Business disruption impacts all pockets. Egypt is losing millions of dollars a day due to reduced traffic in the Suez Canal at the northern end of the Red Sea. Saudi Arabia, which is pursuing peace talks with the Houthis after a nine-year war in Yemen, “can’t do anything directly without becoming a target of the Houthis, so it wants others to do something,” Fulton said.

This leaves China in a complex situation: It must strike a delicate balance between anti-US ally Iran and the Gulf states, China’s most important economic partners in the region.

global ambitions

Analysts say Beijing last year brokered a historic rapprochement between two former regional rivals, Saudi Arabia and Iran, but stopping Houthi attacks could prove a difficult task for China.

“There was so much momentum around this idea that China was becoming a major diplomatic, political and security player,” Fulton said. But events following the war between Israel and Hamas “really demonstrated that China’s approach in the region is still largely driven by its economic interests, and it still has a very important role to play in those other areas.” Don’t have the will or ability.”

China has been Iran’s largest trading partner for the past decade and buys 90% of Iran’s oil exports. But the extent to which this can translate into influence will be a test of Beijing’s political capital.

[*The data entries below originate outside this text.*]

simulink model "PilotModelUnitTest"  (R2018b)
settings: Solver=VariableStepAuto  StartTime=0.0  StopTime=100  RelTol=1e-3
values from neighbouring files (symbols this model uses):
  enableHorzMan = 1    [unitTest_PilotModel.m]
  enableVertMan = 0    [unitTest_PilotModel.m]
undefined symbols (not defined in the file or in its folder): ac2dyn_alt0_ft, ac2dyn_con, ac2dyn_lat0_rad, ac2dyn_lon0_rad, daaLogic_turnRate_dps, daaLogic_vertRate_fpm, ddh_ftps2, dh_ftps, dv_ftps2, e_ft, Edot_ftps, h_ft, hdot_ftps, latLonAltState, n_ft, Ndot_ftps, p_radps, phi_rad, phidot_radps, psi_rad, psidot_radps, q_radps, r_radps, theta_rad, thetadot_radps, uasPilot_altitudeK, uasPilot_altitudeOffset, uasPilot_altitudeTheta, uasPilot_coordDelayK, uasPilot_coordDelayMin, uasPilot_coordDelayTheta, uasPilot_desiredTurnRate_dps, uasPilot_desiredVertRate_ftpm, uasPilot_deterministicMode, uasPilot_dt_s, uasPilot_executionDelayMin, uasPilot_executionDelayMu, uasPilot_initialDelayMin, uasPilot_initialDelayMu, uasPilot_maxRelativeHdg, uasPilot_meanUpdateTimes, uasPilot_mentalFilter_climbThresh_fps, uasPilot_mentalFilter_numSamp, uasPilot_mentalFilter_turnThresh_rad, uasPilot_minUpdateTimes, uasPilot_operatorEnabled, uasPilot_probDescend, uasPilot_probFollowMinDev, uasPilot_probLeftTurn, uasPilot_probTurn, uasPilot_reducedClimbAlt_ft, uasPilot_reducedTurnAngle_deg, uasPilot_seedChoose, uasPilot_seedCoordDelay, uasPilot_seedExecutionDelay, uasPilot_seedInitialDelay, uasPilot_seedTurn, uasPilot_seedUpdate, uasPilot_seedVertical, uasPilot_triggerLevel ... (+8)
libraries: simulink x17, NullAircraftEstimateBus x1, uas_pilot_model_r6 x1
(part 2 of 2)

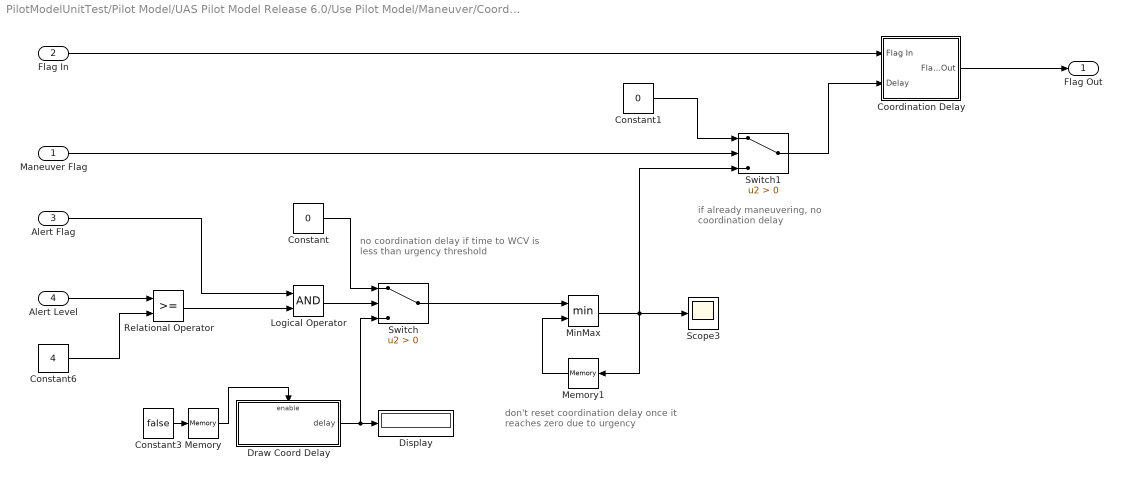
== system PilotModelUnitTest/Pilot Model/UAS Pilot Model Release 6.0/Use Pilot Model/Maneuver/Coordination Delay ==
  note: don't reset coordination delay once
      | it reaches zero due to urgency
  note: no coordination delay if time to WCV
      | is less than urgency threshold
  note: if already maneuvering, no
      | coordination delay
  Maneuver Flag : Inport
  Flag In : Inport  Port=2
  Alert Flag : Inport  Port=3
  Alert Level : Inport  Port=4
  Constant : Constant  Value=0
  Constant1 : Constant  Value=0
  Constant3 : Constant  Value=false
  Constant6 : Constant  Value=4
  Coordination Delay : Subsystem
  Display : Display
  Draw Coord Delay : Subsystem  TreatAsAtomicUnit=on  mask{k=coord_delay_k, theta=coord_delay_theta, offset=coord_delay_min, seed=rng_seed_coord}
      mask prompts: k "Gamma Distribution Shape Parameter, k"; theta "Gamma Distribution Scale Parameter, theta"
  Logical Operator : Logic  AllPortsSameDT=off  OutDataTypeStr=boolean
  Memory : Memory  InitialCondition=true  InheritSampleTime=on
  Memory1 : Memory  InitialCondition=1000  InheritSampleTime=on
  MinMax : MinMax  Inputs=2
  Relational Operator : RelationalOperator  OutDataTypeStr=boolean  RndMeth=Nearest
  Scope3 : Scope
  Switch : Switch  Criteria=u2 > Threshold
  Switch1 : Switch  Criteria=u2 > Threshold
  Flag Out : Outport
  wires:
  Constant3/1 -> Memory/1
  Memory/1 -> Draw Coord Delay/Enable
  Maneuver Flag/1 -> Switch1/2
  Constant1/1 -> Switch1/1
  Switch1/1 -> Coordination Delay/2(Delay)
  Constant/1 -> Switch/1
  Alert Level/1 -> Relational Operator/1
  Coordination Delay/1(Flag Out) -> Flag Out/1
  Relational Operator/1 -> Logical Operator/2
  Constant6/1 -> Relational Operator/2
  Logical Operator/1 -> Switch/2
  Draw Coord Delay/1(delay) -> Switch/3, Display/1
  MinMax/1 -> Memory1/1, Scope3/1, Switch1/3
  Memory1/1 -> MinMax/2
  Switch/1 -> MinMax/1
  Flag In/1 -> Coordination Delay/1(Flag In)
  Alert Flag/1 -> Logical Operator/1

== system PilotModelUnitTest/Pilot Model/UAS Pilot Model Release 6.0/Use Pilot Model/Maneuver/Initial Delay ==
  note: If already maneuvering, no delay
      | for subsequent maneuvers
  Maneuver Flag : Inport
  Alert Flag : Inport  Port=2
  Constant1 : Constant  Value=0
  Constant3 : Constant  Value=false
  Display : Display
  Draw Initial Delay : Subsystem  TreatAsAtomicUnit=on  mask{mu=mean_initial_delay, offset=min_initial_delay, seed=rng_seed_initial}
      mask prompts: mu "Exponential Distribution Mean Parameter, k"
  Memory : Memory  InitialCondition=true  InheritSampleTime=on
  Scope : Scope  NumInputPorts=2
  Switch1 : Switch  Criteria=u2 > Threshold
  Wait for Intruder to Give Way : Subsystem
  Flag Out : Outport
  wires:
  Constant3/1 -> Memory/1
  Memory/1 -> Draw Initial Delay/Enable
  Constant1/1 -> Switch1/1
  Draw Initial Delay/1(delay) -> Display/1, Switch1/3
  Switch1/1 -> Wait for Intruder to Give Way/2(Delay)
  Maneuver Flag/1 -> Switch1/2
  Wait for Intruder to Give Way/1(Flag Out) -> Scope/2, Flag Out/1
  Alert Flag/1 -> Scope/1, Wait for Intruder to Give Way/1(Flag In)

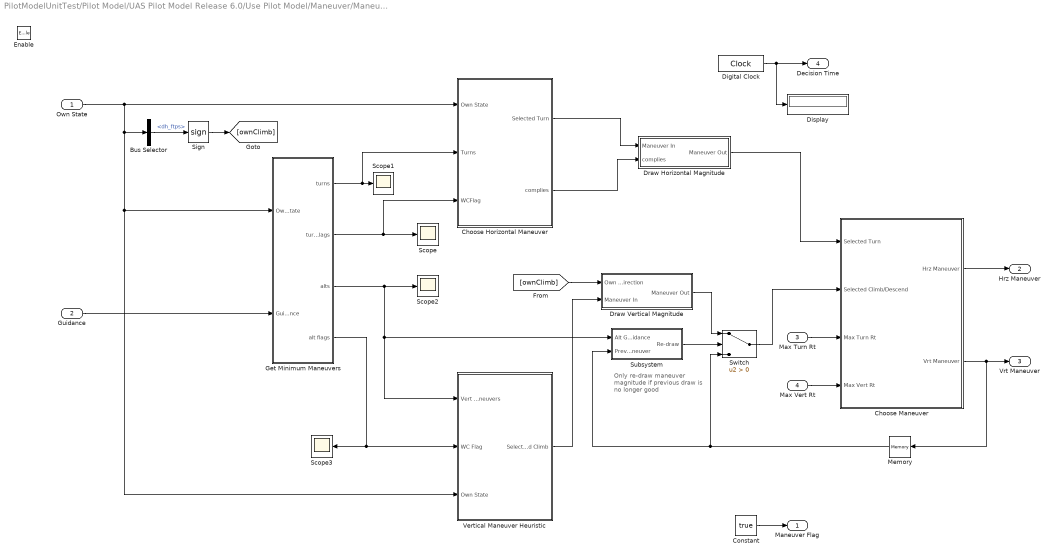
== system PilotModelUnitTest/Pilot Model/UAS Pilot Model Release 6.0/Use Pilot Model/Maneuver/Maneuver Selection ==
  note: Only re-draw maneuver
      | magnitude if previous
      | draw is no longer good
  Own State : Inport
  Guidance : Inport  Port=2
  Max Turn Rt : Inport  Port=3
  Max Vert Rt : Inport  Port=4
  Enable : EnablePort
  Bus Selector : BusSelector  OutputSignals=dh_ftps
  Choose Horizontal Maneuver : Subsystem
  Choose Maneuver : Subsystem
  Constant : Constant  Value=true
  Digital Clock : DigitalClock
  Display : Display
  Draw Horizontal Magnitude : Subsystem
  Draw Vertical Magnitude : Subsystem
  Get Minimum Maneuvers : Subsystem
  Memory : Memory  InheritSampleTime=on
  Scope{,1..3} (4 alike) : Scope
  Sign : Signum
  Subsystem : Subsystem
  Switch : Switch  Criteria=u2 > Threshold
  Vertical Maneuver Heuristic : Subsystem
  Maneuver Flag : Outport  InitialOutput=0
  Hrz Maneuver : Outport  Port=2  OutDataTypeStr=Bus: AvoidanceManeuver  InitialOutput=0
  Vrt Maneuver : Outport  Port=3  OutDataTypeStr=Bus: AvoidanceManeuver  InitialOutput=0
  Decision Time : Outport  Port=4
  wires:
  [ownClimb] -> Draw Vertical Magnitude/1(Own Vertical Direction)
  Sign/1 -> [ownClimb]
  Bus Selector/1 -> Sign/1  "<dh_ftps>"
  Max Vert Rt/1 -> Choose Maneuver/4(Max Vert Rt)
  Max Turn Rt/1 -> Choose Maneuver/3(Max Turn Rt)
  Draw Vertical Magnitude/1(Maneuver Out) -> Switch/1
  Draw Horizontal Magnitude/1(Maneuver Out) -> Choose Maneuver/1(Selected Turn)
  Choose Maneuver/2(Vrt Maneuver) -> Memory/1, Vrt Maneuver/1
  Guidance/1 -> Get Minimum Maneuvers/2(Guidance)
  Vertical Maneuver Heuristic/1(Selected Climb) -> Draw Vertical Magnitude/2(Maneuver In)
  Choose Horizontal Maneuver/1(Selected Turn) -> Draw Horizontal Magnitude/1(Maneuver In)
  Choose Maneuver/1(Hrz Maneuver) -> Hrz Maneuver/1
  Own State/1 -> Bus Selector/1, Vertical Maneuver Heuristic/3(Own State), Get Minimum Maneuvers/1(Own State), Choose Horizontal Maneuver/1(Own State)
  Constant/1 -> Maneuver Flag/1
  Digital Clock/1 -> Decision Time/1, Display/1
  Get Minimum Maneuvers/4(alt flags) -> Scope3/1, Vertical Maneuver Heuristic/2(WC Flag)
  Get Minimum Maneuvers/3(alts) -> Scope2/1, Subsystem/1(Alt Guidance), Vertical Maneuver Heuristic/1(Vert Maneuvers)
  Get Minimum Maneuvers/2(turn flags) -> Scope/1, Choose Horizontal Maneuver/3(WCFlag)
  Get Minimum Maneuvers/1(turns) -> Scope1/1, Choose Horizontal Maneuver/2(Turns)
  Choose Horizontal Maneuver/2(complies) -> Draw Horizontal Magnitude/2(complies)
  Memory/1 -> Switch/3, Subsystem/2(Prev Maneuver)
  Subsystem/1(Re-draw) -> Switch/2
  Switch/1 -> Choose Maneuver/2(Selected Climb/Descend)

== system PilotModelUnitTest/Pilot Model/UAS Pilot Model Release 6.0/Use Pilot Model/Update Delay/Exponential Delay ==
  note: Delay exponentially distributed with mean interarrival time of beta.
      | Delay over (returns true) if X <= 1-exp(-dt/beta) where X is uniformly distributed between 0 and 1.
  beta : Inport
  Constant : Constant
  Divide : Product  Inputs=*/
  Math Function : Math  SaturateOnIntegerOverflow=on
  Relational Operator : RelationalOperator  Operator=<=  OutDataTypeStr=boolean  RndMeth=Nearest
  Sample Time : Constant  Value=dt
  Subtract : Sum  Inputs=+-
  Unary Minus : UnaryMinus
  Uniform Random Number : UniformRandomNumber  Minimum=0  Seed=seed  SampleTime=dt
  Enable : Outport  OutDataTypeStr=boolean
  wires:
  Relational Operator/1 -> Enable/1
  Divide/1 -> Math Function/1
  Uniform Random Number/1 -> Relational Operator/1
  Subtract/1 -> Relational Operator/2
  Math Function/1 -> Subtract/2
  Sample Time/1 -> Unary Minus/1
  Constant/1 -> Subtract/1
  Unary Minus/1 -> Divide/1
  beta/1 -> Divide/2

== system PilotModelUnitTest/Pilot Model/UAS Pilot Model Release 6.0/Use Pilot Model/Update Delay/Fixed Update Delay ==
  Flag In : Inport
  Delay : Inport  Port=2
  Add : Sum
  Constant1 : Constant  Value=0
  Constant2 : Constant
  Memory : Memory  InheritSampleTime=on
  Relational Operator : RelationalOperator  Operator=>  OutDataTypeStr=boolean  RndMeth=Nearest
  Scope1 : Scope
  Scope2 : Scope
  Scope5 : Scope
  Switch : Switch  Criteria=u2 > Threshold
  Flag Out : Outport
  wires:
  Delay/1 -> Scope2/1, Relational Operator/2
  Relational Operator/1 -> Scope1/1, Flag Out/1
  Switch/1 -> Memory/1, Relational Operator/1
  Constant1/1 -> Switch/3
  Memory/1 -> Add/2
  Flag In/1 -> Switch/2
  Constant2/1 -> Add/1
  Add/1 -> Scope5/1, Switch/1

== system PilotModelUnitTest/Pilot Model/UAS Pilot Model Release 6.0/Use Pilot Model/Update Delay/Mean Time to Update ==
  Constant : Constant  Value=20
  Constant1 : Constant  Value=3
  Constant2 : Constant  Value=20
  Constant3 : Constant  Value=20
  Constant4 : Constant  Value=5
  Constant5 : Constant  Value=3
  Mux : Mux  Inputs=6
  Mean Time : Outport
  wires:
  Constant1/1 -> Mux/6
  Constant2/1 -> Mux/2
  Constant4/1 -> Mux/4
  Constant5/1 -> Mux/5
  Constant3/1 -> Mux/3
  Constant/1 -> Mux/1
  Mux/1 -> Mean Time/1

== system PilotModelUnitTest/Pilot Model/UAS Pilot Model Release 6.0/Use Pilot Model/Update Delay/Minimum Time to Update ==
  Constant : Constant  Value=15
  Constant1 : Constant  Value=5
  Constant2 : Constant  Value=15
  Constant3 : Constant  Value=15
  Constant4 : Constant  Value=5
  Constant5 : Constant  Value=5
  Mux : Mux  Inputs=6
  Min Time : Outport
  wires:
  Constant1/1 -> Mux/6
  Constant2/1 -> Mux/2
  Constant4/1 -> Mux/4
  Constant5/1 -> Mux/5
  Constant3/1 -> Mux/3
  Constant/1 -> Mux/1
  Mux/1 -> Min Time/1

== system PilotModelUnitTest/Pilot Model/UAS Pilot Model Release 6.0/Use Pilot Model/Execution Delay/Subsystem/Exponential Delay ==
  note: Delay exponentially distributed with mean interarrival time of beta.
      | Delay over (returns true) if X <= 1-exp(-dt/beta) where X is uniformly distributed between 0 and 1.
  beta : Inport
  Constant : Constant
  Divide : Product  Inputs=*/
  Math Function : Math  SaturateOnIntegerOverflow=on
  Relational Operator : RelationalOperator  Operator=<=  OutDataTypeStr=boolean  RndMeth=Nearest
  Sample Time : Constant  Value=dt
  Subtract : Sum  Inputs=+-
  Unary Minus : UnaryMinus
  Uniform Random Number : UniformRandomNumber  Minimum=0  Seed=seed  SampleTime=dt
  Enable : Outport  OutDataTypeStr=boolean
  wires:
  Relational Operator/1 -> Enable/1
  Divide/1 -> Math Function/1
  Uniform Random Number/1 -> Relational Operator/1
  Subtract/1 -> Relational Operator/2
  Math Function/1 -> Subtract/2
  Sample Time/1 -> Unary Minus/1
  Constant/1 -> Subtract/1
  Unary Minus/1 -> Divide/1
  beta/1 -> Divide/2

== system PilotModelUnitTest/Pilot Model/UAS Pilot Model Release 6.0/Use Pilot Model/Execution Delay/Subsystem/Fixed Update Delay ==
  Flag In : Inport
  Delay : Inport  Port=2
  Add : Sum
  Constant1 : Constant  Value=0
  Constant2 : Constant
  Memory : Memory  InheritSampleTime=on
  Relational Operator : RelationalOperator  Operator=>  OutDataTypeStr=boolean  RndMeth=Nearest
  Switch : Switch  Criteria=u2 > Threshold
  Flag Out : Outport
  wires:
  Delay/1 -> Relational Operator/2
  Relational Operator/1 -> Flag Out/1
  Switch/1 -> Memory/1, Relational Operator/1
  Constant1/1 -> Switch/3
  Memory/1 -> Add/2
  Flag In/1 -> Switch/2
  Constant2/1 -> Add/1
  Add/1 -> Switch/1

== system PilotModelUnitTest/Pilot Model/UAS Pilot Model Release 6.0/Use Pilot Model/Maneuver/Coordination Delay/Coordination Delay ==
  Flag In : Inport
  Delay : Inport  Port=2
  Add : Sum
  Constant1 : Constant  Value=0
  Constant2 : Constant
  Memory : Memory  InheritSampleTime=on
  Relational Operator : RelationalOperator  Operator=>  OutDataTypeStr=boolean  RndMeth=Nearest
  Switch : Switch  Criteria=u2 > Threshold
  Flag Out : Outport
  wires:
  Delay/1 -> Relational Operator/2
  Relational Operator/1 -> Flag Out/1
  Switch/1 -> Memory/1, Relational Operator/1
  Constant1/1 -> Switch/3
  Memory/1 -> Add/2
  Flag In/1 -> Switch/2
  Constant2/1 -> Add/1
  Add/1 -> Switch/1

== system PilotModelUnitTest/Pilot Model/UAS Pilot Model Release 6.0/Use Pilot Model/Maneuver/Coordination Delay/Draw Coord Delay ==
  Enable : EnablePort
  Generate Random Gamma Deviate : Subsystem  mask{k=k, theta=theta, offset=offset, seed=seed}
      mask prompts: k "Shape Parameter, k"; theta "Scale Parameter, theta"
  Rounding Function : Rounding  Operator=round
  delay : Outport  InitialOutput=0
  wires:
  Rounding Function/1 -> delay/1
  Generate Random Gamma Deviate/1(y) -> Rounding Function/1

== system PilotModelUnitTest/Pilot Model/UAS Pilot Model Release 6.0/Use Pilot Model/Maneuver/Initial Delay/Draw Initial Delay ==
  Enable : EnablePort
  Generate Random Exponential Deviate : Subsystem  mask{mu=mu, offset=offset, seed=seed}
      mask prompts: mu "Mean Parameter, mu"
  Rounding Function : Rounding  Operator=round
  delay : Outport  InitialOutput=0
  wires:
  Generate Random Exponential Deviate/1(y) -> Rounding Function/1
  Rounding Function/1 -> delay/1

== system PilotModelUnitTest/Pilot Model/UAS Pilot Model Release 6.0/Use Pilot Model/Maneuver/Initial Delay/Wait for Intruder to Give Way ==
  Flag In : Inport
  Delay : Inport  Port=2
  Add : Sum
  Constant1 : Constant  Value=0
  Constant2 : Constant
  Memory : Memory  InheritSampleTime=on
  Relational Operator : RelationalOperator  Operator=>  OutDataTypeStr=boolean  RndMeth=Nearest
  Scope : Scope
  Switch : Switch  Criteria=u2 > Threshold
  Flag Out : Outport
  wires:
  Delay/1 -> Relational Operator/2
  Relational Operator/1 -> Flag Out/1
  Switch/1 -> Memory/1, Relational Operator/1
  Constant1/1 -> Switch/3
  Memory/1 -> Add/2
  Flag In/1 -> Switch/2
  Constant2/1 -> Add/1
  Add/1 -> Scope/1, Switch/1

“The reality is that China’s influence is limited to really influence Iran’s behavior,” said William Figueroa, an assistant professor at the University of Groningen in the Netherlands.

“Chinese investment in Iran is relatively low, and the politics and logistics of completely shutting down oil trade would be complex. This does not mean that China cannot cancel any deals to punish Iran or curb oil imports. may not reduce, but “this means it is not possible unless Chinese ships are explicitly attacked or the escalation continues.”

The escalating conflict in the Middle East has also raised questions over Xi’s Global Security Initiative (GSI), which Beijing has promoted as “Chinese solutions and wisdom to solve security challenges”.

The initiative, launched by Xi in 2022, advocates a set of broad Chinese foreign policy principles, including “resolving conflicts through development and eliminating breeding grounds for insecurity”.

“GSI is very policy-oriented, the idea is that economic solutions to insecurity will transform these problems,” Fulton said.

The concept was well accepted among regional governments that wanted economic growth and more foreign direct investment. And for some time things seemed to be moving in that direction.

In August, China’s top diplomat Wang declared that a “wave of reconciliation” was sweeping the Middle East with China’s help. But the story broke just a month later, when Hamas launched its attack on Israel, plunging the region into a new conflict.

Fulton said, “You can see what has happened since then, when there are real physical threats to security such as terrorism and attacks on global shipping, regulatory issues no longer matter. They require real, tough security solutions.” Is.”

— CNN’s Simone McCarthy contributed reporting.